## [Aim of the exercise]
A word-for-word copy of every entry below is required; the images do not belong in it.
------ Material provided
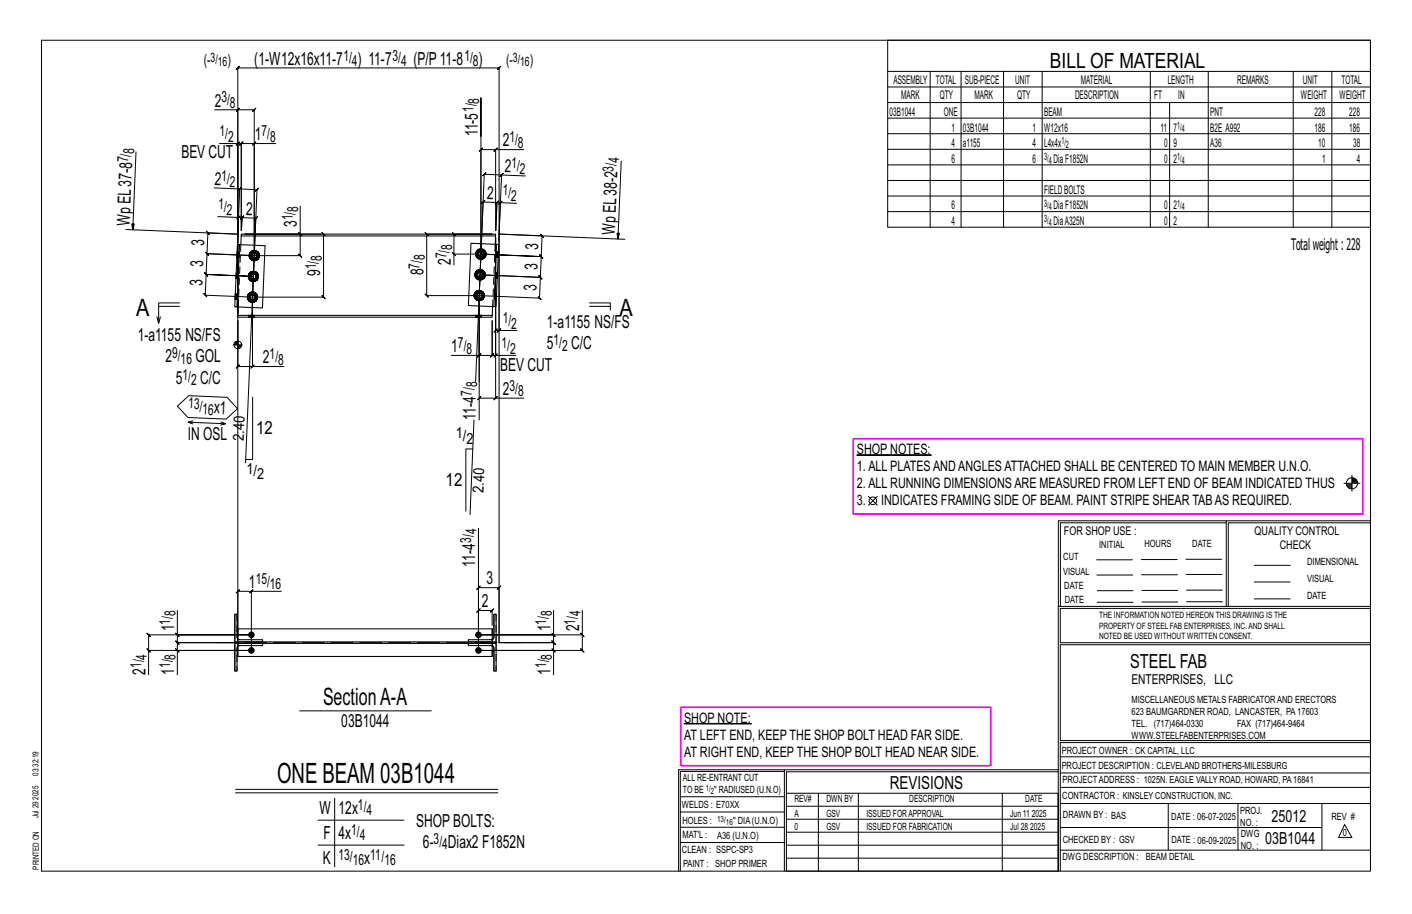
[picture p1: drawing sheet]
<svg xmlns="http://www.w3.org/2000/svg" width="432mm" height="279mm" viewBox="0 0 432 279" stroke-linecap="round" stroke-linejoin="round" font-family="sans-serif">
<g fill="#000" stroke="#000" stroke-width=".31">
<path d="M262 139h22.8v.2h-22.8zM209.2 221.2h20.6v.1h-20.6z"/>
<circle cx="76.9" cy="194.1" r=".86"/>
<circle cx="76.9" cy="198.8" r=".86"/>
<circle cx="146.3" cy="198.8" r=".86"/>
<circle cx="146.3" cy="194.1" r=".86"/>
</g>
<g fill="none" stroke="#000" stroke-width=".31">
<path d="M12.7 12.3h406.4v254h-406.4zM271.5 12.3h147.6v57.2h-147.6zM65.7 33.6h7v62.3v-52h-5.6M72.2 34.1l1-1zM72.7 33.6h5l-.5 .5 1-1-.5 .5v44.5M271.5 21.8h147.6M271.5 26.6h147.6M271.5 31.4h147.6M271.5 36.1h147.6M284.5 21.8v47.7M293.9 21.8v47.7M306.9 21.8v47.7"/>
<path d="M318.7 21.8v47.7M351.8 21.8v47.7M357.7 31.4v38.1M369.5 21.8v47.7M395.5 21.8v47.7M407.3 21.8v47.7M41.6 46.4l-1 23.8-.3-1.7h.7l-.4 1.7M65.5 57.4l7.8 .4-.7 15.9 .3-7.2-6.3-.3M72.2 44.4l1-1zM72.7 43.9h1.1l-.5 .5 1-1-.5 .5v26.6v-26.6l-.5 .5 1-1-.5 .5h3.9M72.8 58.2l1-.9zM73.3 57.8l5.3 .2-.5 .5 1-1-.5 .5-1.4 32.8v21.2h9.6"/>
<path d="M77.7 43.9l.5-.5-1 1zM84.3 43.9h-6.6v34.2M147.1 41.6v-11.7v47.8h-8.3v3.3M151.1 46.2l1-1zM151.6 45.7h-4.5l.5-.5-1 1 .5-.5v32l-1.7 38.9M152.9 54l1-1zM153.4 53.5l-5.3-.2 .5-.5-1 .9 .5-.4-1.6 37.1v18.2h-8.5M160.1 45.7h-8.5v24.8M160.6 53.8l-7.2-.3-.8 18.1M190 49.3l-1 23.8-.3-1.8h.7l-.4 1.8M271.5 40.9h147.6M271.5 45.6h147.6"/>
<path d="M271.5 50.4h147.6M271.5 55.2h147.6M271.5 59.9h147.6M38.5 70.2l34.2 1.4-9.1-.4-.5-.5 .9 1-.4-.5-.3 6.3-.5-.5 1 1.1-.5-.6 14.4 .6M72.4 67l1.1-1zM72.9 66.5h1.1l-.5 .5 1-1-.5 .5-.2 4 .2-4-.5 .5 1-1-.5 .5 4.2 .2-.5 .5 1-1-.5 .5-1 24.1M76.2 78.1h.5M76.3 77.6l.5 .2-.1 .3M76.7 79.2l.5 .4M76.7 78.1l.1 .4-.5 .2M76.8 77.8l.2-.4-.3-.3a1.52 1.52 0 0 0 0 2.1l.3-.3-.2-.4M77 78.9l.4 .2-.2 .5 .5 .1"/>
<path d="M77.2 76.7l-.5 .4M77.4 79.1l.3 .1v.5l.6-.1M77.7 78.1l-2.6 63.4M77.7 78.1l-14.4-.6-.5-.5 1 1.1-.5-.6-.3 6.4-.4-.5 .9 1-.5-.5 14.5 .6-14.5-.6-.4-.5 .9 1-.5-.5-.2 6.3-.5-.5 1 1.1-.5-.6 14.4 .6M77.7 76.6l-.5 .1 .2 .5-.4 .2M77.7 77.1l.4 .1 .2-.5 .5 .4-.3 .3M78.1 77.2l.4 .2 .3 .7h.5l-.1 .6M78.3 76.7l-.6-.1v.5l-.3 .1M78.5 78.9l.3 .3-.5 .4-.2-.5-.4 .1M78.7 78.5l.5 .2-.4 .5M78.8 78.1l-.3 .8-.4 .2M78.8 77.1l.4 .5-.5 .2"/>
<path d="M79.2 77.6l.1 .5M91.3 71.1l1 1zM91.8 63v8.6h-17h24.1l-.5-.5 1 1-.5-.5v19.2l-.5-.5 1 1-.5-.5h-21.7M91.8 71.6v6.5l-.5-.5 1 1-.5-.5h-14.1M138.3 77.2l1 1zM138.8 77.7v-6.1l.5 .5-1-1 .5 .5h11.7h-20l-.5-.5 1 1-.5-.5v18.8l-.5-.5 1 1-.5-.5h16M145.6 77.7h.4M145.7 77.1l.4 .2-.1 .4M146 78.7l.5 .4M146 77.7l.1 .4-.4 .2M146.1 77.3l.2-.4-.3-.3a1.52 1.52 0 0 0 0 2.1l.3-.3-.2-.3M146.3 78.4l.4 .2-.2 .5 .6 .1"/>
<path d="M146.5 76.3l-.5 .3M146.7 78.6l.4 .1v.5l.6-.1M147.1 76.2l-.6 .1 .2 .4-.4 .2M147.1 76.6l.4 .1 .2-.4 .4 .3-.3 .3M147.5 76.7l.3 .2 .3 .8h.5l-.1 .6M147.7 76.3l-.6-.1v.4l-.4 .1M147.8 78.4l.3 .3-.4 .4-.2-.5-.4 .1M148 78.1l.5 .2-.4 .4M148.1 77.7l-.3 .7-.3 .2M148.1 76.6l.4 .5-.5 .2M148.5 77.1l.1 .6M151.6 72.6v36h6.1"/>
------------
## [Expected answer]
[picture p1: drawing sheet]
<svg xmlns="http://www.w3.org/2000/svg" width="432mm" height="279mm" viewBox="0 0 432 279" stroke-linecap="round" stroke-linejoin="round" font-family="sans-serif">
<g fill="#000" stroke="#000" stroke-width=".31">
<path d="M262 139h22.8v.2h-22.8zM209.2 221.2h20.6v.1h-20.6z"/>
<circle cx="76.9" cy="194.1" r=".86"/>
<circle cx="76.9" cy="198.8" r=".86"/>
<circle cx="146.3" cy="198.8" r=".86"/>
<circle cx="146.3" cy="194.1" r=".86"/>
</g>
<g fill="none" stroke="#000" stroke-width=".31">
<path d="M12.7 12.3h406.4v254h-406.4zM271.5 12.3h147.6v57.2h-147.6zM65.7 33.6h7v62.3v-52h-5.6M72.2 34.1l1-1zM72.7 33.6h5l-.5 .5 1-1-.5 .5v44.5M271.5 21.8h147.6M271.5 26.6h147.6M271.5 31.4h147.6M271.5 36.1h147.6M284.5 21.8v47.7M293.9 21.8v47.7M306.9 21.8v47.7"/>
<path d="M318.7 21.8v47.7M351.8 21.8v47.7M357.7 31.4v38.1M369.5 21.8v47.7M395.5 21.8v47.7M407.3 21.8v47.7M41.6 46.4l-1 23.8-.3-1.7h.7l-.4 1.7M65.5 57.4l7.8 .4-.7 15.9 .3-7.2-6.3-.3M72.2 44.4l1-1zM72.7 43.9h1.1l-.5 .5 1-1-.5 .5v26.6v-26.6l-.5 .5 1-1-.5 .5h3.9M72.8 58.2l1-.9zM73.3 57.8l5.3 .2-.5 .5 1-1-.5 .5-1.4 32.8v21.2h9.6"/>
<path d="M77.7 43.9l.5-.5-1 1zM84.3 43.9h-6.6v34.2M147.1 41.6v-11.7v47.8h-8.3v3.3M151.1 46.2l1-1zM151.6 45.7h-4.5l.5-.5-1 1 .5-.5v32l-1.7 38.9M152.9 54l1-1zM153.4 53.5l-5.3-.2 .5-.5-1 .9 .5-.4-1.6 37.1v18.2h-8.5M160.1 45.7h-8.5v24.8M160.6 53.8l-7.2-.3-.8 18.1M190 49.3l-1 23.8-.3-1.8h.7l-.4 1.8M271.5 40.9h147.6M271.5 45.6h147.6"/>
<path d="M271.5 50.4h147.6M271.5 55.2h147.6M271.5 59.9h147.6M38.5 70.2l34.2 1.4-9.1-.4-.5-.5 .9 1-.4-.5-.3 6.3-.5-.5 1 1.1-.5-.6 14.4 .6M72.4 67l1.1-1zM72.9 66.5h1.1l-.5 .5 1-1-.5 .5-.2 4 .2-4-.5 .5 1-1-.5 .5 4.2 .2-.5 .5 1-1-.5 .5-1 24.1M76.2 78.1h.5M76.3 77.6l.5 .2-.1 .3M76.7 79.2l.5 .4M76.7 78.1l.1 .4-.5 .2M76.8 77.8l.2-.4-.3-.3a1.52 1.52 0 0 0 0 2.1l.3-.3-.2-.4M77 78.9l.4 .2-.2 .5 .5 .1"/>
<path d="M77.2 76.7l-.5 .4M77.4 79.1l.3 .1v.5l.6-.1M77.7 78.1l-2.6 63.4M77.7 78.1l-14.4-.6-.5-.5 1 1.1-.5-.6-.3 6.4-.4-.5 .9 1-.5-.5 14.5 .6-14.5-.6-.4-.5 .9 1-.5-.5-.2 6.3-.5-.5 1 1.1-.5-.6 14.4 .6M77.7 76.6l-.5 .1 .2 .5-.4 .2M77.7 77.1l.4 .1 .2-.5 .5 .4-.3 .3M78.1 77.2l.4 .2 .3 .7h.5l-.1 .6M78.3 76.7l-.6-.1v.5l-.3 .1M78.5 78.9l.3 .3-.5 .4-.2-.5-.4 .1M78.7 78.5l.5 .2-.4 .5M78.8 78.1l-.3 .8-.4 .2M78.8 77.1l.4 .5-.5 .2"/>
<path d="M79.2 77.6l.1 .5M91.3 71.1l1 1zM91.8 63v8.6h-17h24.1l-.5-.5 1 1-.5-.5v19.2l-.5-.5 1 1-.5-.5h-21.7M91.8 71.6v6.5l-.5-.5 1 1-.5-.5h-14.1M138.3 77.2l1 1zM138.8 77.7v-6.1l.5 .5-1-1 .5 .5h11.7h-20l-.5-.5 1 1-.5-.5v18.8l-.5-.5 1 1-.5-.5h16M145.6 77.7h.4M145.7 77.1l.4 .2-.1 .4M146 78.7l.5 .4M146 77.7l.1 .4-.4 .2M146.1 77.3l.2-.4-.3-.3a1.52 1.52 0 0 0 0 2.1l.3-.3-.2-.3M146.3 78.4l.4 .2-.2 .5 .6 .1"/>
<path d="M146.5 76.3l-.5 .3M146.7 78.6l.4 .1v.5l.6-.1M147.1 76.2l-.6 .1 .2 .4-.4 .2M147.1 76.6l.4 .1 .2-.4 .4 .3-.3 .3M147.5 76.7l.3 .2 .3 .8h.5l-.1 .6M147.7 76.3l-.6-.1v.4l-.4 .1M147.8 78.4l.3 .3-.4 .4-.2-.5-.4 .1M148 78.1l.5 .2-.4 .4M148.1 77.7l-.3 .7-.3 .2M148.1 76.6l.4 .5-.5 .2M148.5 77.1l.1 .6M151.6 72.6v36h6.1"/>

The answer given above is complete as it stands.